Cheers g1smd, much appreciated.

g1smd

10:53 pm on Sep 28, 2006 (gmt 0)

Yeah, both will get the job done.

The 301 redirect will herd a little bit more PageRank over to the "correct" URLs, compared to the other method, but there is very little in it.

Don't worry that the Supplemental Results for the redirected URLs stay around in the index for many months. They always do.

Your measure of success is in seeing that the URLs that you do want to be indexed, do get indexed, and that they do show up with a full title and snippet in the search results.

Once the redirect is in place you can safely ignore any Supplemental Results that show up in search results and which return a 301 or a 404 response. Google will eventually drop them from view. Sometimes it can take a whole year for that to happen. They will not be classed as duplicate content. They cannot harm anything.

In a few months time, when things have had time to settle down, you will need to carefully look at any pages where the URL returns "200 OK" but is still marked as Supplemental. Those might indicate that some problem still remains.

In particular, make sure that every page has a unique title tag and a unique meta description too. Make sure that it fits the content of the page that it is on.

Ma2T

11:03 pm on Sep 28, 2006 (gmt 0)

Very nice explanation g1smd, great in fact.

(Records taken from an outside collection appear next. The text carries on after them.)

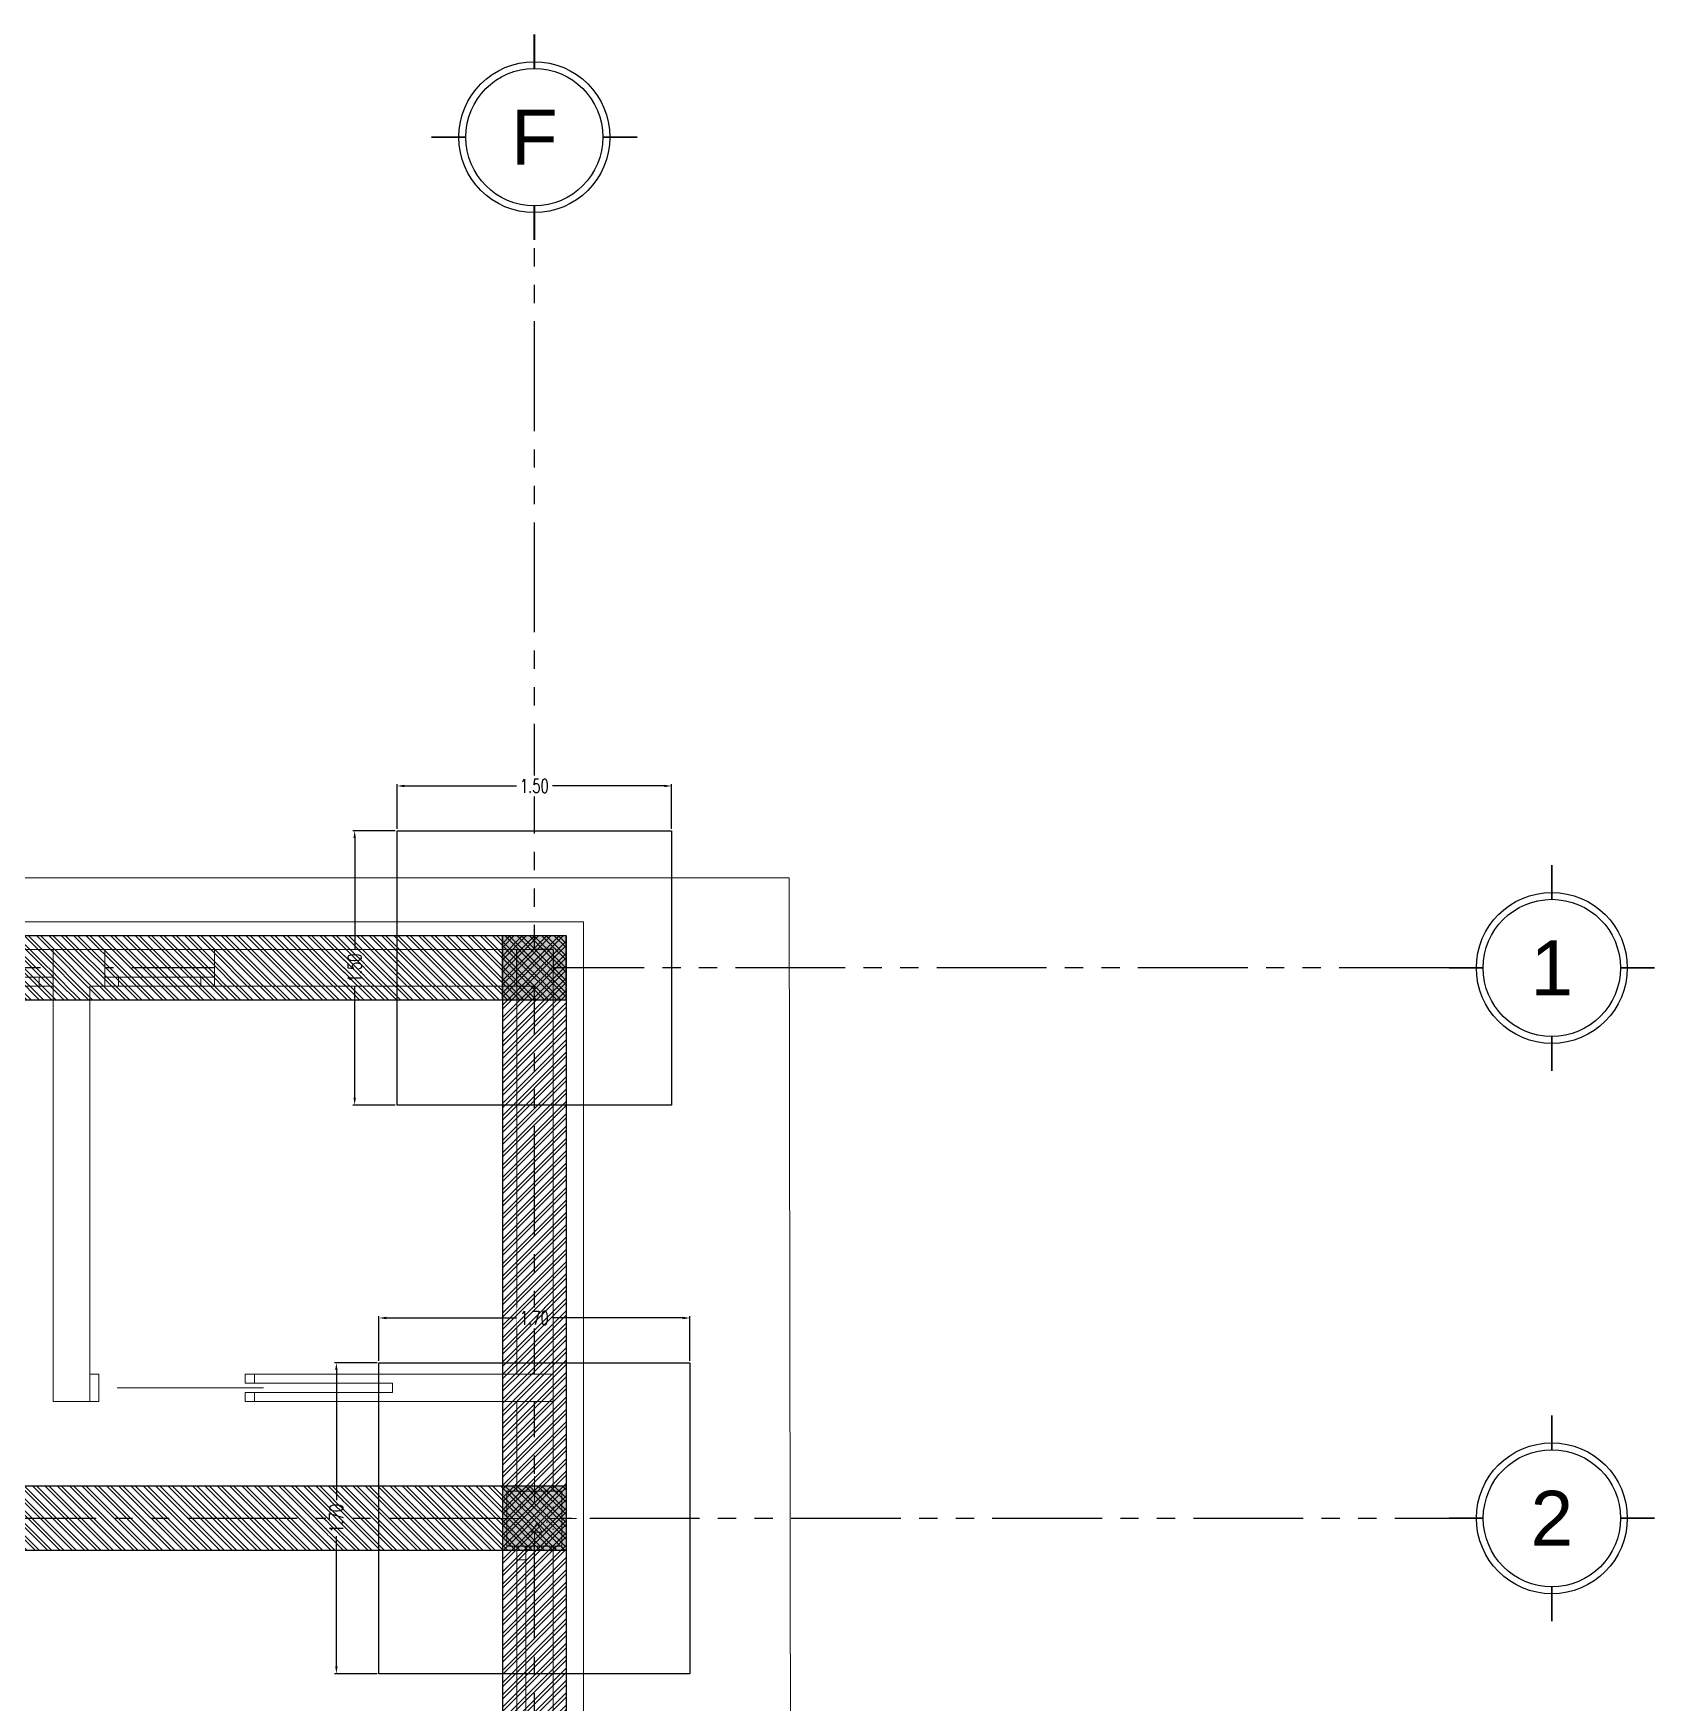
# Model space of a CAD drawing. Header units: metres. Extents: x -6.1 to 26.1, y -10.1 to 14.1.
# Drawn here: x 17.26 to 26.13, y 4.99 to 14.12 of the extents above; entities that cross this region are included whole.
import ezdxf
from ezdxf.enums import TextEntityAlignment as Align

# ---------------------------------------------------------------- set-up
doc = ezdxf.new("R2010")
doc.units = ezdxf.units.M
doc.header["$MEASUREMENT"] = 0
for name, pattern in [('Xref_Arq. PB$0$Wipeout_Contour', [1, 0, -1]), ('Xref_Cimentación$0$Xr-Muroscontencion$0$HIDDEN', [0.375, 0.25, -0.125]), ('Xref_Ejes$0$ACAD_ISO05W100', [33, 24, -3, 0, -3, 0, -3])]:
    doc.linetypes.add(name, pattern=pattern)
for name, color, linetype in [('Xref_Arq. PB$0$Acotación - Terreno', 7, 'Continuous'), ('Xref_Arq. PB$0$Estructura - Forjados', 7, 'Continuous'), ('Xref_Arq. PB$0$Estructura - Muros', 7, 'Continuous'), ('Xref_Arq. PB$0$Estructura - Vigas y Pilares', 7, 'Continuous'), ('Xref_Arq. PB$0$Puertas ArchiCAD', 7, 'Continuous'), ('Xref_Arq. PB$0$Ventanas ArchiCAD', 7, 'Continuous'), ('Xref_Cimentación$0$00-ZA', 2, 'Continuous'), ('Xref_Cimentación$0$Cerramiento', 11, 'Continuous'), ('Xref_Cimentación$0$VIGA', 3, 'Continuous'), ('Xref_Cimentación$0$Xref_Pedestales$0$COLUM. PB', 140, 'Continuous'), ('Xref_Ejes$0$00-EJES', 1, 'Xref_Ejes$0$ACAD_ISO05W100'), ('Xref_Ejes$0$Globo Eje', 1, 'Continuous'), ('Xref_Ejes$0$Texto', 7, 'Continuous')]:
    doc.layers.add(name, color=color, linetype=linetype)
for name, color, linetype, lineweight in [('Xref_Arq. PB$0$Acotación - Terreno _Pluma_Nº__1', 7, 'Continuous', 13), ('Xref_Arq. PB$0$Estructura - Forjados_Pluma_Nº__1', 7, 'Continuous', 13), ('Xref_Arq. PB$0$Estructura - Muros_Pluma_Nº__1', 7, 'Continuous', 13), ('Xref_Arq. PB$0$Estructura - Vigas y Pilares_Pluma_Nº__20', 1, 'Continuous', 0), ('Xref_Arq. PB$0$Estructura - Vigas y Pilares_Pluma_Nº__28', 7, 'Continuous', 18), ('Xref_Arq. PB$0$Puertas ArchiCAD_Pluma_Nº__1', 7, 'Continuous', 13), ('Xref_Arq. PB$0$Puertas ArchiCAD_Pluma_Nº__23', 7, 'Continuous', 18), ('Xref_Arq. PB$0$Ventanas ArchiCAD_Pluma_Nº__1', 7, 'Continuous', 13), ('Xref_Arq. PB$0$Ventanas ArchiCAD_Pluma_Nº__23', 7, 'Continuous', 18)]:
    doc.layers.add(name, color=color, linetype=linetype, lineweight=lineweight)
for name, color, linetype, lineweight, true_color in [('Xref_Arq. PB$0$Acotación - Terreno _Pluma_Nº__3', 7, 'Continuous', 18, 0xff6600), ('Xref_Arq. PB$0$Estructura - Vigas y Pilares_Pluma_Nº__170', 7, 'Continuous', 13, 0x9f9f00), ('Xref_Arq. PB$0$Puertas ArchiCAD_Pluma_Nº__3', 7, 'Continuous', 18, 0xff6600), ('Xref_Arq. PB$0$Ventanas ArchiCAD_Pluma_Nº__3', 7, 'Continuous', 18, 0xff6600)]:
    doc.layers.add(name, color=color, linetype=linetype, lineweight=lineweight, true_color=true_color)
doc.styles.add('Xref_Cimentación$0$ARIAL', font='arial.ttf', dxfattribs={"height": 2})
doc.styles.add('Xref_Cimentación$0$Xr-Muroscontencion$0$Romans', font='romans.shx', dxfattribs={"width": 0.7})
doc.styles.add('Xref_Ejes$0$Arial', font='arial.ttf')
doc.dimstyles.new('Xref_Cimentación$0$Xr-Muroscontencion$0$D20', dxfattribs={"dimtxt": 0.05, "dimasz": 0.04, "dimexe": 0.01, "dimexo": 0.01, "dimgap": 0.01, "dimtad": 0, "dimdec": 3, "dimzin": 1, "dimdsep": 46, "dimtxsty": 'Xref_Cimentación$0$Xr-Muroscontencion$0$Romans', "dimcen": 2.5, "dimclrd": 1, "dimclre": 8, "dimclrt": 7, "dimadec": 0, "dimazin": 0, "dimtfac": 1, "dimtdec": 3, "dimtmove": 1, "dimatfit": 1, "dimfxl": 1, "dimtfill": 1, "dimarcsym": 0})

# ---------------------------------------------------------------- blocks, each defined once
blk = doc.blocks.new('*U187')
at = {"layer": 'Xref_Ejes$0$Globo Eje', "ltscale": 0.025, "const_width": 0.00938}
for points in [[(0, 0.5625), (0, 0.375)], [(-0.375, 0), (-0.5625, 0)], [(0.5625, 0), (0.375, 0)], [(0, -0.375), (0, -0.5625)]]:
    blk.add_lwpolyline(points, dxfattribs=at)
at = {"layer": 'Xref_Ejes$0$Globo Eje', "ltscale": 0.025}
for radius in [0.4125, 0.375]:
    blk.add_circle((0, 0), radius, dxfattribs=at)
at = {"layer": 'Xref_Ejes$0$Texto', "color": 7, "ltscale": 0.025, "style": 'Xref_Ejes$0$Arial'}
blk.add_attdef('EJE', text='', height=0.3, dxfattribs=at).set_placement((0, 0), align=Align.MIDDLE_CENTER)
blk = doc.blocks.new('Xref_Ejes')
at = {"layer": 'Xref_Ejes$0$00-EJES', "ltscale": 0.025}
for p, q in [((19.9967, -8.9568), (19.9967, 12.9873)), ((24.9967, 9.0084), (-5, 9.0084)), ((-4.9997, 6), (24.997, 6))]:
    blk.add_line(p, q, dxfattribs=at)
for p, values in [((19.9967, 13.5498), {'EJE': 'F'}), ((25.5592, 9.0084), {'EJE': '1'}), ((25.5595, 6), {'EJE': '2'})]:
    blk.add_blockref('*U187', p, dxfattribs=at).add_auto_attribs(values)
blk = doc.blocks.new('Xref_Arq. PB$0$Forjado_1', base_point=(9.6104, 18.2739))
at = {"layer": 'Xref_Arq. PB$0$Estructura - Forjados_Pluma_Nº__1', "linetype": 'Continuous', "flags": 128}
blk.add_lwpolyline([(9.6104, 18.2739), (9.6104, 8.6612), (-7.0825, 8.6612), (-7.0825, 18.2739)], close=True, dxfattribs=at)
blk = doc.blocks.new('Xref_Arq. PB$0$Forjado_2', base_point=(-11.0804, 18.5154))
at = {"layer": 'Xref_Arq. PB$0$Estructura - Forjados_Pluma_Nº__1', "linetype": 'Continuous', "flags": 128}
blk.add_lwpolyline([(-11.0804, 18.5154), (10.7361, 18.5154), (10.7514, 7.6041), (-11.0804, 7.6041)], close=True, dxfattribs=at)
blk = doc.blocks.new('Xref_Arq. PB$0$Ventana 17_3')
at = {"layer": 'Xref_Arq. PB$0$Ventanas ArchiCAD_Pluma_Nº__1', "linetype": 'Continuous'}
for p, q in [((-0.85, 0), (-0.85, -0.05)), ((0.85, 0), (0.85, -0.05))]:
    blk.add_line(p, q, dxfattribs=at)
at = {"layer": 'Xref_Arq. PB$0$Ventanas ArchiCAD_Pluma_Nº__23', "linetype": 'Continuous'}
for p, q in [((-0.85, 0), (-0.775, 0)), ((-0.775, 0), (-0.775, -0.05)), ((0.775, -0.05), (0.775, 0)), ((0.775, 0), (0.85, 0)), ((-0.775, -0.05), (-0.85, -0.05)), ((0.85, -0.05), (0.775, -0.05))]:
    blk.add_line(p, q, dxfattribs=at)
at = {"layer": 'Xref_Arq. PB$0$Ventanas ArchiCAD_Pluma_Nº__3', "linetype": 'Continuous'}
for p, q in [((-0.85, 0), (0.85, 0)), ((-0.775, 0), (0.775, 0)), ((0.775, -0.05), (-0.775, -0.05)), ((-0.85, -0.2), (0.85, -0.2))]:
    blk.add_line(p, q, dxfattribs=at)
blk = doc.blocks.new('Xref_Arq. PB$0$Muro_11', base_point=(9.5434, 8.9011))
at = {"layer": 'Xref_Arq. PB$0$Estructura - Muros_Pluma_Nº__1', "linetype": 'Continuous'}
for p, q in [((9.3434, 14.8619), (9.3934, 14.8619)), ((9.3934, 14.8619), (9.5434, 14.8619))]:
    blk.add_line(p, q, dxfattribs=at)
at = {"layer": 'Xref_Arq. PB$0$Estructura - Muros_Pluma_Nº__1', "linetype": 'Continuous', "flags": 128}
for points in [[(9.5434, 14.8619), (9.5435, 18.1223)], [(9.3435, 17.9223), (9.3434, 15.1619)]]:
    blk.add_lwpolyline(points, dxfattribs=at)
at = {"color": 254, "linetype": 'Xref_Arq. PB$0$Wipeout_Contour', "lineweight": 0, "ltscale": 74.957945}
blk.add_wipeout([(9.3434, 8.9011), (9.5434, 8.9011), (9.5434, 13.1619), (9.3934, 13.1619), (9.3434, 13.1619)], dxfattribs=at).dxf.layer = 'Xref_Arq. PB$0$Estructura - Muros'
at = {"layer": 'Xref_Arq. PB$0$Estructura - Muros_Pluma_Nº__1', "linetype": 'Continuous'}
for p, q in [((9.3434, 13.1619), (9.3934, 13.1619)), ((9.3934, 13.1619), (9.5434, 13.1619))]:
    blk.add_line(p, q, dxfattribs=at)
at = {"layer": 'Xref_Arq. PB$0$Estructura - Muros_Pluma_Nº__1', "linetype": 'Continuous', "flags": 128}
for points in [[(9.3434, 13.1619), (9.3434, 8.9011)], [(9.5434, 8.9011), (9.5434, 13.1619)], [(9.3434, 8.9011), (9.5434, 8.9011)]]:
    blk.add_lwpolyline(points, dxfattribs=at)
at = {"layer": 'Xref_Arq. PB$0$Ventanas ArchiCAD', "color": 251, "linetype": 'Continuous', "lineweight": 13, "true_color": 0x6a6a6a, "rotation": 89.9999704918467}
blk.add_blockref('Xref_Arq. PB$0$Ventana 17_3', (9.3434, 14.0119), dxfattribs=at)
blk = doc.blocks.new('Xref_Arq. PB$0$Ventana 17_6')
at = {"layer": 'Xref_Arq. PB$0$Ventanas ArchiCAD_Pluma_Nº__1', "linetype": 'Continuous'}
for p, q in [((-0.3, -0.05), (-0.3, 0)), ((0.3, -0.05), (0.3, 0))]:
    blk.add_line(p, q, dxfattribs=at)
at = {"layer": 'Xref_Arq. PB$0$Ventanas ArchiCAD_Pluma_Nº__23', "linetype": 'Continuous'}
for p, q in [((-0.3, 0), (-0.225, 0)), ((-0.225, 0), (-0.225, -0.05)), ((0.225, -0.05), (0.225, 0)), ((0.225, 0), (0.3, 0)), ((-0.225, -0.05), (-0.3, -0.05)), ((0.3, -0.05), (0.225, -0.05))]:
    blk.add_line(p, q, dxfattribs=at)
at = {"layer": 'Xref_Arq. PB$0$Ventanas ArchiCAD_Pluma_Nº__3', "linetype": 'Continuous'}
for p, q in [((-0.3, 0.15), (0.3, 0.15)), ((-0.225, 0), (0.225, 0)), ((-0.3, -0.05), (0.3, -0.05)), ((0.225, -0.05), (-0.225, -0.05))]:
    blk.add_line(p, q, dxfattribs=at)
blk = doc.blocks.new('Xref_Arq. PB$0$Ventana 17_7')
at = {"layer": 'Xref_Arq. PB$0$Ventanas ArchiCAD_Pluma_Nº__1', "linetype": 'Continuous'}
for p, q in [((-0.6334, -0.05), (-0.6334, 0)), ((0.6334, -0.05), (0.6334, 0))]:
    blk.add_line(p, q, dxfattribs=at)
at = {"layer": 'Xref_Arq. PB$0$Ventanas ArchiCAD_Pluma_Nº__23', "linetype": 'Continuous'}
for p, q in [((-0.6334, 0), (-0.5584, 0)), ((-0.5584, 0), (-0.5584, -0.05)), ((0.5584, -0.05), (0.5584, 0)), ((0.5584, 0), (0.6334, 0)), ((-0.5584, -0.05), (-0.6334, -0.05)), ((0.6334, -0.05), (0.5584, -0.05))]:
    blk.add_line(p, q, dxfattribs=at)
at = {"layer": 'Xref_Arq. PB$0$Ventanas ArchiCAD_Pluma_Nº__3', "linetype": 'Continuous'}
for p, q in [((-0.6334, 0.15), (0.6334, 0.15)), ((-0.5584, 0), (0.5584, 0)), ((-0.6334, -0.05), (0.6334, -0.05)), ((0.5584, -0.05), (-0.5584, -0.05))]:
    blk.add_line(p, q, dxfattribs=at)
blk = doc.blocks.new('Xref_Arq. PB$0$Muro_12', base_point=(-6.6046, 17.9223))
at = {"color": 254, "linetype": 'Xref_Arq. PB$0$Wipeout_Contour', "lineweight": 0, "ltscale": 115.150995}
blk.add_wipeout([(6.7105, 17.9223), (6.9933, 17.9223), (6.9933, 17.9723), (6.9933, 18.1223), (6.7105, 18.1223), (6.7105, 17.9723)], dxfattribs=at).dxf.layer = 'Xref_Arq. PB$0$Estructura - Muros'
at = {"color": 254, "linetype": 'Xref_Arq. PB$0$Wipeout_Contour', "lineweight": 0, "ltscale": 99.318017}
blk.add_wipeout([(9.5435, 18.1223), (7.5933, 18.1223), (7.5933, 17.9723), (7.5933, 17.9223), (9.3435, 17.9223)], dxfattribs=at).dxf.layer = 'Xref_Arq. PB$0$Estructura - Muros'
at = {"layer": 'Xref_Arq. PB$0$Estructura - Muros_Pluma_Nº__1', "linetype": 'Continuous'}
for p, q in [((6.7105, 17.9723), (6.7105, 18.1223)), ((6.9933, 17.9723), (6.9933, 18.1223)), ((7.5933, 17.9723), (7.5933, 18.1223)), ((6.7105, 17.9223), (6.7105, 17.9723)), ((6.9933, 17.9223), (6.9933, 17.9723)), ((7.5933, 17.9223), (7.5933, 17.9723))]:
    blk.add_line(p, q, dxfattribs=at)
at = {"layer": 'Xref_Arq. PB$0$Estructura - Muros_Pluma_Nº__1', "linetype": 'Continuous', "flags": 128}
for points in [[(6.9933, 18.1223), (6.7105, 18.1223)], [(9.3435, 18.1223), (7.5933, 18.1223)], [(6.7105, 17.9223), (6.7113, 17.9223)], [(6.9113, 17.9223), (6.9933, 17.9223)], [(7.5933, 17.9223), (9.3435, 17.9223)]]:
    blk.add_lwpolyline(points, dxfattribs=at)
at = {"layer": 'Xref_Arq. PB$0$Ventanas ArchiCAD', "color": 251, "linetype": 'Continuous', "lineweight": 13, "true_color": 0x6a6a6a, "xscale": -1}
blk.add_blockref('Xref_Arq. PB$0$Ventana 17_7', (6.0771, 17.9723), dxfattribs=at)
at = {"layer": 'Xref_Arq. PB$0$Ventanas ArchiCAD', "color": 251, "linetype": 'Continuous', "lineweight": 13, "true_color": 0x6a6a6a}
blk.add_blockref('Xref_Arq. PB$0$Ventana 17_6', (7.2933, 17.9723), dxfattribs=at)
blk = doc.blocks.new('Xref_Arq. PB$0$Puerta Corredera Empotrada 17')
at = {"layer": 'Xref_Arq. PB$0$Puertas ArchiCAD_Pluma_Nº__1', "linetype": 'Continuous'}
for p, q in [((-0.45, -0.15), (-0.45, 0)), ((0.45, -0.05), (0.45, 0)), ((0.45, -0.15), (0.45, -0.1))]:
    blk.add_line(p, q, dxfattribs=at)
at = {"layer": 'Xref_Arq. PB$0$Puertas ArchiCAD_Pluma_Nº__23', "linetype": 'Continuous'}
for p, q in [((-0.4, 0), (-0.45, 0)), ((-0.45, 0), (-0.45, -0.15)), ((-0.4, -0.15), (-0.4, 0)), ((0.45, 0), (0.4, 0)), ((0.4, 0), (0.4, -0.05)), ((0.45, -0.05), (0.45, 0)), ((0.4, -0.05), (0.45, -0.05)), ((-0.45, -0.15), (-0.4, -0.15)), ((0.45, -0.1), (0.4, -0.1)), ((0.4, -0.1), (0.4, -0.15)), ((0.4, -0.15), (0.45, -0.15)), ((0.45, -0.15), (0.45, -0.1))]:
    blk.add_line(p, q, dxfattribs=at)
at = {"layer": 'Xref_Arq. PB$0$Puertas ArchiCAD_Pluma_Nº__3', "linetype": 'Continuous'}
blk.add_line((0.5, -0.075), (-0.3, -0.075), dxfattribs=at)
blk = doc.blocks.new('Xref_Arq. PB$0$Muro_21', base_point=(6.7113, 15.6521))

You have solved and put a lot of my worries to rest which is great, cheers for that.

All of my content seems to get listed correctly right now with unique titles and snipits. I recently set up a script that takes the first 25 words of my article automatically, and/or gives me the choice to write something unique and specific for a meta description, Im hoping this will work well.

Thanks again g1smd.

Ma2T

10:53 pm on Oct 3, 2006 (gmt 0)

I would just like to give you guys and update on my situation, as I find it quite interesting.

I did a site: command search on my domain, and the pages that I wanted out of google have gone, everyone of them. These 100+ pages can are no longer returned what so ever.

I expected them to go supplemental, but now there is no sign of them at all which is great! (im now hoping they will no return)

I did not use the google removal tool either.

I'm not sure how or why they are completely gone. I first blocked google accessing these urls in my robots.txt file, (google sitemaps tool reported that it could not access them). Then later I set up a 301 redirect to my main domain.

Interesting? maybe.

I would like once again to thank everyone here for their help, especially g1smd. Cheers

g1smd

11:14 pm on Oct 3, 2006 (gmt 0)

Glad that things are happening!.

It is likely that in one or two months time, that about a quarter to a third of the removed URLs will reappear as Supplemental Results and then hang around for many months.

Don't worry if they do; they are not classed as being Duplicate Content at that point. There is little you can do to control that action. It just seems to work that way now.

The site:www.domain.con -inurl:www search may prove useful. That shows certain types of Supplemental Results, even those with a www in the URL.

CainIV

4:53 am on Oct 4, 2006 (gmt 0)

Is_archive(), is_post() and is_date() are fucntions of wordpress.

If you are finding duplicate pages in your wordpress installation, read the following checklist on eliminating these:

[webmasterworld.com...]

Post 344.

g1smd

6:35 pm on Oct 4, 2006 (gmt 0)

Post 344 is that particular person's post count on that day.

It's the other 7-digit number that identifies the unique post.

CainIV

6:39 pm on Oct 4, 2006 (gmt 0)

DOH!

Ma2T

12:16 am on Oct 5, 2006 (gmt 0)

Many thanks g1smd, it's great to see things happening after much worry and work. I won't worry about the supplimentals either.

Thanks for the great info :)

CainIV, thanks for the info, it's a nice list, and I have done everyone of them over the last few weeks ;). Thanks for the link.